[Records supplied Boundary: Start]

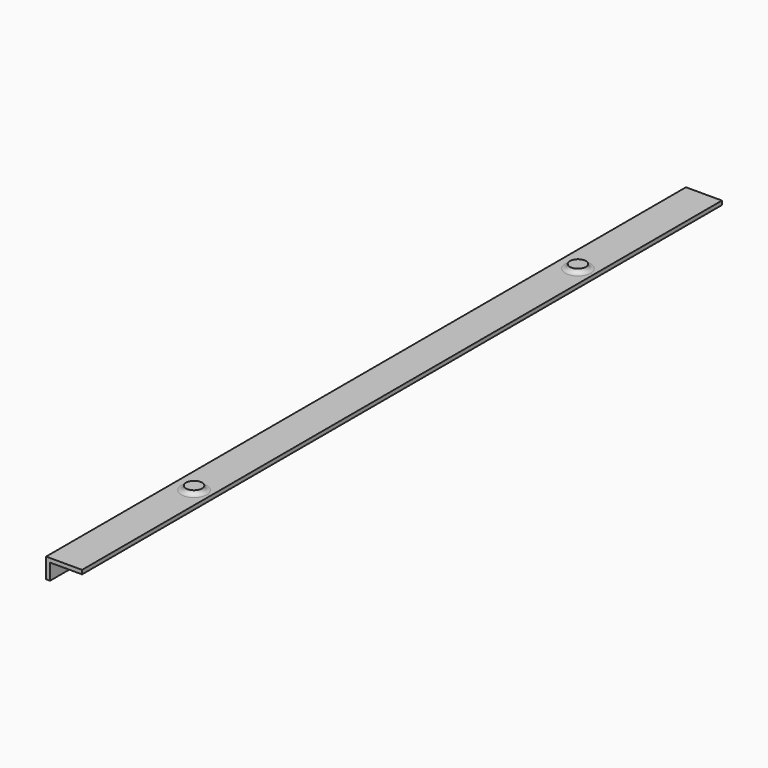
from build123d import *

# Parameters (mm, degrees)
F1_DEPTH = 635
F2_R     = 12.7
F3_DEPTH = 12.7


# Not quite as in the source:
# - a fillet or chamfer that OpenCascade refuses, or shapes differently, is made with other operations: its cross-section is extruded or revolved along the edge and cut away or added


with BuildPart() as f1:
    # F0 (on Front) → F1 (new body, symmetric)
    with BuildSketch(Plane.XZ):
        Polygon((-50.8, 0), (0, 0), (0, 6.35), (-57.15, 6.35), (-57.15, -25.4), (-50.8, -25.4), align=None)
    extrude(amount=F1_DEPTH, both=True)

    # F2 (on Top) → F3 (join)
    with BuildSketch(Plane.XY):
        with Locations((-25.4, 381)):
            Circle(F2_R)
        with Locations((-25.4, -381)):
            Circle(F2_R)
    extrude(amount=F3_DEPTH)

    # F4: fillet of radius 7.62 on 1 edges, made by hand

    # F4_s1 → F4_t2 (revolve)
    with BuildSketch(Plane.XZ.offset(-381)):
        with BuildLine():
            ThreePointArc((-5.1865786755, 6.35), (-10.1052675251, 8.1501288674), (-12.7, 12.7))
            Line((-12.7, 12.7), (-12.7, 6.35))
            Line((-12.7, 6.35), (-5.1865786755, 6.35))
        make_face()
    revolve(axis=Axis((-25.4, 381, 6.35), (0, 0, -1)))

    # F5: fillet of radius 7.62 on 1 edges, made by hand

    # F5_s1 → F5_t2 (revolve)
    with BuildSketch(Plane.XZ.offset(381)):
        with BuildLine():
            ThreePointArc((-5.1865786755, 6.35), (-10.1052675251, 8.1501288674), (-12.7, 12.7))
            Line((-12.7, 12.7), (-12.7, 6.35))
            Line((-12.7, 6.35), (-5.1865786755, 6.35))
        make_face()
    revolve(axis=Axis((-25.4, -381, 6.35), (0, 0, -1)))


solid = f1.part

[Records supplied Boundary: End]

Directions for this task: In the entries above, the lines from the one bearing "# Parameters (mm, degrees)" up to and including the one bearing "revolve(axis=Axis((-25.4, 381, 6.35), (0, 0, -1)))" should be transcribed exactly; no other line is wanted.

Task solution:
# Parameters (mm, degrees)
F1_DEPTH = 635
F2_R     = 12.7
F3_DEPTH = 12.7


# Not quite as in the source:
# - a fillet or chamfer that OpenCascade refuses, or shapes differently, is made with other operations: its cross-section is extruded or revolved along the edge and cut away or added


with BuildPart() as f1:
    # F0 (on Front) → F1 (new body, symmetric)
    with BuildSketch(Plane.XZ):
        Polygon((-50.8, 0), (0, 0), (0, 6.35), (-57.15, 6.35), (-57.15, -25.4), (-50.8, -25.4), align=None)
    extrude(amount=F1_DEPTH, both=True)

    # F2 (on Top) → F3 (join)
    with BuildSketch(Plane.XY):
        with Locations((-25.4, 381)):
            Circle(F2_R)
        with Locations((-25.4, -381)):
            Circle(F2_R)
    extrude(amount=F3_DEPTH)

    # F4: fillet of radius 7.62 on 1 edges, made by hand

    # F4_s1 → F4_t2 (revolve)
    with BuildSketch(Plane.XZ.offset(-381)):
        with BuildLine():
            ThreePointArc((-5.1865786755, 6.35), (-10.1052675251, 8.1501288674), (-12.7, 12.7))
            Line((-12.7, 12.7), (-12.7, 6.35))
            Line((-12.7, 6.35), (-5.1865786755, 6.35))
        make_face()
    revolve(axis=Axis((-25.4, 381, 6.35), (0, 0, -1)))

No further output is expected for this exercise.